V. In TABLE No. II. we come to the new and important PARLIAMENTARY DIVISIONS AND DISTIBUTIONS. This Table again ranges the counties in their

alphabetical order, and shows, at one view, the distribution of the country for the purposes connected with the election of members to serve in parliament (according to the act of 1832); naming the counties, describing the divisions. (where there are divisions) in the counties, stating the places for holding the election courts, stating the polling places in each county or division of a couns ty, naming the cities and boroughs in the county returning members to Parliament, and stating the number of members for each county, and each city and borough; and, finally, the whole number of members returned by each county.

VI. But as the cities and boroughs are, in the Table No II. not accompanied by a statement of their population, Table No III. gives them with their population in their new boundaries; and also the counties of England with their present populations, separate from that of the cities and boroughs; and then the total population of each county, and the total number of members that each county is to return. WALES, for want of any return relative to it respecting these matters, is given (as to its population) in this Table without the distinction just mentioned.

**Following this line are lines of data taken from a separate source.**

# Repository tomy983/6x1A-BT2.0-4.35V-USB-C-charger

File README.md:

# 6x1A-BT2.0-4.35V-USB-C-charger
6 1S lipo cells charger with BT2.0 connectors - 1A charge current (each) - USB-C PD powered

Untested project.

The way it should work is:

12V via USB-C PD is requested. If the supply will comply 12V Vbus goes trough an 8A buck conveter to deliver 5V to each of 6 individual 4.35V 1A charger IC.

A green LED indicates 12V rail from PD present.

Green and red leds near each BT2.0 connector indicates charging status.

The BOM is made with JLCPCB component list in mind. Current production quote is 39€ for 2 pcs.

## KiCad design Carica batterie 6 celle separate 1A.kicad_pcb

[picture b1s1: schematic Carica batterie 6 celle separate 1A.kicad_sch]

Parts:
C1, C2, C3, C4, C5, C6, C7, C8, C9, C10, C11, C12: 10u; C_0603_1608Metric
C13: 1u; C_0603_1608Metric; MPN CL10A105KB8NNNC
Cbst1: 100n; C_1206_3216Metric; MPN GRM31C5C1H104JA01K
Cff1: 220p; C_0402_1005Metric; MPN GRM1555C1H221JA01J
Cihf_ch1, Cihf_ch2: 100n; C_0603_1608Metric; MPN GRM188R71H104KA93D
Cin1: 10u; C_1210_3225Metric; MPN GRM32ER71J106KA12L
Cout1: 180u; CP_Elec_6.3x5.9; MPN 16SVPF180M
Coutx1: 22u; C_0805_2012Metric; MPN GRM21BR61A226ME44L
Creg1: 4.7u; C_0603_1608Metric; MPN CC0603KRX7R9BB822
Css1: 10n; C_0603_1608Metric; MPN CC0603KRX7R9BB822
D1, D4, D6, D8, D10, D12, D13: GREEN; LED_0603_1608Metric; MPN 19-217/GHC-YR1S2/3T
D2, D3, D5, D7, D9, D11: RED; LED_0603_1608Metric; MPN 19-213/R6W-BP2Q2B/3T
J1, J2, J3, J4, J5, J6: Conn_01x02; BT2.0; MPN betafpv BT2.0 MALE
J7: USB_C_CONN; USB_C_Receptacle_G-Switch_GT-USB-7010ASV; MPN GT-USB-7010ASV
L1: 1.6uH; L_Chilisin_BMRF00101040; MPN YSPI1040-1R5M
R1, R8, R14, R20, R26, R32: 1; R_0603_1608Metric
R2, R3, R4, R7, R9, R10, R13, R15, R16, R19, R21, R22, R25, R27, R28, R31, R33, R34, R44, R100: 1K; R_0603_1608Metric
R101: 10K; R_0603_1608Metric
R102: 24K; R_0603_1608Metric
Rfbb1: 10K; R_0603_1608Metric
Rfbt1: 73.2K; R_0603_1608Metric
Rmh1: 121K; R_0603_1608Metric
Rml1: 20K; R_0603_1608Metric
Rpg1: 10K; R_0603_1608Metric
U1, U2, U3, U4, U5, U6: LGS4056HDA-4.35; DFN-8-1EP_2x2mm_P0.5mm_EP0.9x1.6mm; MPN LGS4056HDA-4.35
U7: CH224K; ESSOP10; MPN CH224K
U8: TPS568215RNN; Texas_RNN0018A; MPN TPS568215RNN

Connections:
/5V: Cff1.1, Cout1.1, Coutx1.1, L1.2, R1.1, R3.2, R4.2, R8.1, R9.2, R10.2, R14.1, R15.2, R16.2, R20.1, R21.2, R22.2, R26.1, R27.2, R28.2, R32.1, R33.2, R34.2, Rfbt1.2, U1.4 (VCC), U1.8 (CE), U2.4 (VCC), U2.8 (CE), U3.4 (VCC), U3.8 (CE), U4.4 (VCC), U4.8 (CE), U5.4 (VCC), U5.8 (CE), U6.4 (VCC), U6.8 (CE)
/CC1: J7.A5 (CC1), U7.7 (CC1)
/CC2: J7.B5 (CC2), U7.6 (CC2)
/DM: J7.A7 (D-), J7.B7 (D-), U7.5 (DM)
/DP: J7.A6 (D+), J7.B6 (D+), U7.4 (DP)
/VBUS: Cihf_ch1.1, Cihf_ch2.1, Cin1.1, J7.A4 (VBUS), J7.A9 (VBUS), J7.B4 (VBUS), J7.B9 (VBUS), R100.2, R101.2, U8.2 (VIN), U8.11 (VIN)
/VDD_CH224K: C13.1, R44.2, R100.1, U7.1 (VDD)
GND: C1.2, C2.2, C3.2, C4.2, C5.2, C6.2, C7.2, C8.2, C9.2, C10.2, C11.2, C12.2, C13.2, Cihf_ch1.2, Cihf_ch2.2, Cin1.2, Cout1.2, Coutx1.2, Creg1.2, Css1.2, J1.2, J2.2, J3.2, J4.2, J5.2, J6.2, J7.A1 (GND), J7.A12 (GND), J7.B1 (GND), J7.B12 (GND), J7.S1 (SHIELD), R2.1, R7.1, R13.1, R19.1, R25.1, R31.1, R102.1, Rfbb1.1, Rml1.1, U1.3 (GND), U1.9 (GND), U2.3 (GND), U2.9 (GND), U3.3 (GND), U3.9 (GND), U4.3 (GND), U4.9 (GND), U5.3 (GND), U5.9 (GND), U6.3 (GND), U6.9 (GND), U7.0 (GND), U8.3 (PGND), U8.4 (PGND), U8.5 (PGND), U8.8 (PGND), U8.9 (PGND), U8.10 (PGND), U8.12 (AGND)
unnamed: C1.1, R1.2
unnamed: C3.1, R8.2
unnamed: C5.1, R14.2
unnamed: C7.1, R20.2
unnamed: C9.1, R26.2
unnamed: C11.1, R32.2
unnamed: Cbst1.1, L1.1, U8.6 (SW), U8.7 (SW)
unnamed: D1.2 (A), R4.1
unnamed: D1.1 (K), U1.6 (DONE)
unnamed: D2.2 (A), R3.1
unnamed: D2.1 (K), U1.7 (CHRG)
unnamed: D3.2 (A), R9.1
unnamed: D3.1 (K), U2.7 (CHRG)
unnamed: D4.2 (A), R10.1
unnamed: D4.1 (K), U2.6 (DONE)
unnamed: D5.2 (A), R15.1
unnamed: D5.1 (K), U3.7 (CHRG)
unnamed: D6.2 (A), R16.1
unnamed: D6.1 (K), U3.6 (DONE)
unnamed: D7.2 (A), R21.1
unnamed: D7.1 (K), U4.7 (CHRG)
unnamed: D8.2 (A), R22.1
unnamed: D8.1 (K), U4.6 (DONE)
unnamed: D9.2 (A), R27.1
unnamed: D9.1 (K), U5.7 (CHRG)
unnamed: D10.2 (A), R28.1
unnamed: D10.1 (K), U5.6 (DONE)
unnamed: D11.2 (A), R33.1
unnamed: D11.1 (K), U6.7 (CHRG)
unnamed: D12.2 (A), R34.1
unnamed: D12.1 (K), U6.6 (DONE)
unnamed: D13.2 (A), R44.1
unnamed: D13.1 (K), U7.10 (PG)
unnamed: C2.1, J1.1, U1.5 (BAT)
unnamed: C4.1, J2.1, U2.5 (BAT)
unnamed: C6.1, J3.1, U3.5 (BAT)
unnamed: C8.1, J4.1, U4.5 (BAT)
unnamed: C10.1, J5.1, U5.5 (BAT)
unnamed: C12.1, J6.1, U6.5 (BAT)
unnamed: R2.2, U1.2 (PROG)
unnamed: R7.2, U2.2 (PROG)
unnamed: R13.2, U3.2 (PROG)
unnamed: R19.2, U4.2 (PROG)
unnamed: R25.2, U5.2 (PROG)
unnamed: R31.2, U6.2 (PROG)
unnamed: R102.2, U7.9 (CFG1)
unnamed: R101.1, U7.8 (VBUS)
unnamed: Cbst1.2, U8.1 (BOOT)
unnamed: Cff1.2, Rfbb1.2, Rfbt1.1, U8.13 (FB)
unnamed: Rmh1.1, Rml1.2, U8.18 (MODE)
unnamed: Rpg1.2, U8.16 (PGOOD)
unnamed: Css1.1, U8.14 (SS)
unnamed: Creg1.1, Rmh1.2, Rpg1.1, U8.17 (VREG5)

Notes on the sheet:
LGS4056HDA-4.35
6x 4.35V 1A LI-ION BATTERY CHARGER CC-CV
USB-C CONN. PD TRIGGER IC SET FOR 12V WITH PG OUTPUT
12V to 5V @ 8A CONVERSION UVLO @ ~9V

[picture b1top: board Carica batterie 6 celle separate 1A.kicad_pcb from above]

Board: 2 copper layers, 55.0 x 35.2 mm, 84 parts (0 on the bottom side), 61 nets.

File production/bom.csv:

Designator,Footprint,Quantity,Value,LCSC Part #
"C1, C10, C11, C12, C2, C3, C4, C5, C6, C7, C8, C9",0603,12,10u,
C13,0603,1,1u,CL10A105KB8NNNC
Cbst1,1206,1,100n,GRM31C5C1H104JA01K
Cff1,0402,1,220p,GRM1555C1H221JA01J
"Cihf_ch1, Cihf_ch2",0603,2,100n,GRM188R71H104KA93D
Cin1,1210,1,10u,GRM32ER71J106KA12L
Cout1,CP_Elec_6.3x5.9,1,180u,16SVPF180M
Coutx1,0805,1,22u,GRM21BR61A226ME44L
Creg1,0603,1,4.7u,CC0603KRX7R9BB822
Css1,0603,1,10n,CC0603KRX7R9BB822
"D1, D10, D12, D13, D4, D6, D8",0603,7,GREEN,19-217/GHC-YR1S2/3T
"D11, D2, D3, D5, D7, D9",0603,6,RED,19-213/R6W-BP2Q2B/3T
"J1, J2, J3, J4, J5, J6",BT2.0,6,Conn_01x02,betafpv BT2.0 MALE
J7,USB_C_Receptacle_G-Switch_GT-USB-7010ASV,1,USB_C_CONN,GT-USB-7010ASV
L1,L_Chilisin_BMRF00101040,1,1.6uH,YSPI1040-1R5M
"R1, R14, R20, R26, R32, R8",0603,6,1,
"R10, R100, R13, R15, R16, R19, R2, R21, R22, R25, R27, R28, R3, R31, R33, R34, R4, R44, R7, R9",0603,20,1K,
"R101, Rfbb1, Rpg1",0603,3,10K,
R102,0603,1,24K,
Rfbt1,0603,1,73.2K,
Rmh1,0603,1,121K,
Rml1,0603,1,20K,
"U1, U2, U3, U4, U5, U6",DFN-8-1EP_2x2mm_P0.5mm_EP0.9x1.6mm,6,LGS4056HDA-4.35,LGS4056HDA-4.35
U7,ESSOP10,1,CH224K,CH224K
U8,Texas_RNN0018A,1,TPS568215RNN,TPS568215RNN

VII. In order that no part of this most interesting and most memorable change, made by the Reform-law, may be left without information relative to it, and that information may be always at hand, Table No. IV. gives the names of all the rotten boroughs wholly cashiered, and also of those half-cashiered, by the Act of 4 June, 1832, together with the counties in which they are, and the number of voters which they formerly had, this being matter which never ought to be effaced from the minds of Englishmen.

Such is the book that I now present to my readers; and if it prove tiresome to them, I beseech them to think of what it must have been to its author! It has done one thing for me, at any rate; it has at last taught me, at the end of three-score years of labour, that there is something that can fatigue; and it is à truly curious fact that I am putting this on paper in the VERY ROOM in which Dr. JOHNSON wrote his plaintive preface to the prodigious production of his patient toil.

No. 11, Bolt-court, 28 June, 1832.

WM. COBBETT.

· GENERAL ACCOUNT

OF

ENGLAND AND WALES.

SITUATION, BOUNDARIES, AND EXTENT.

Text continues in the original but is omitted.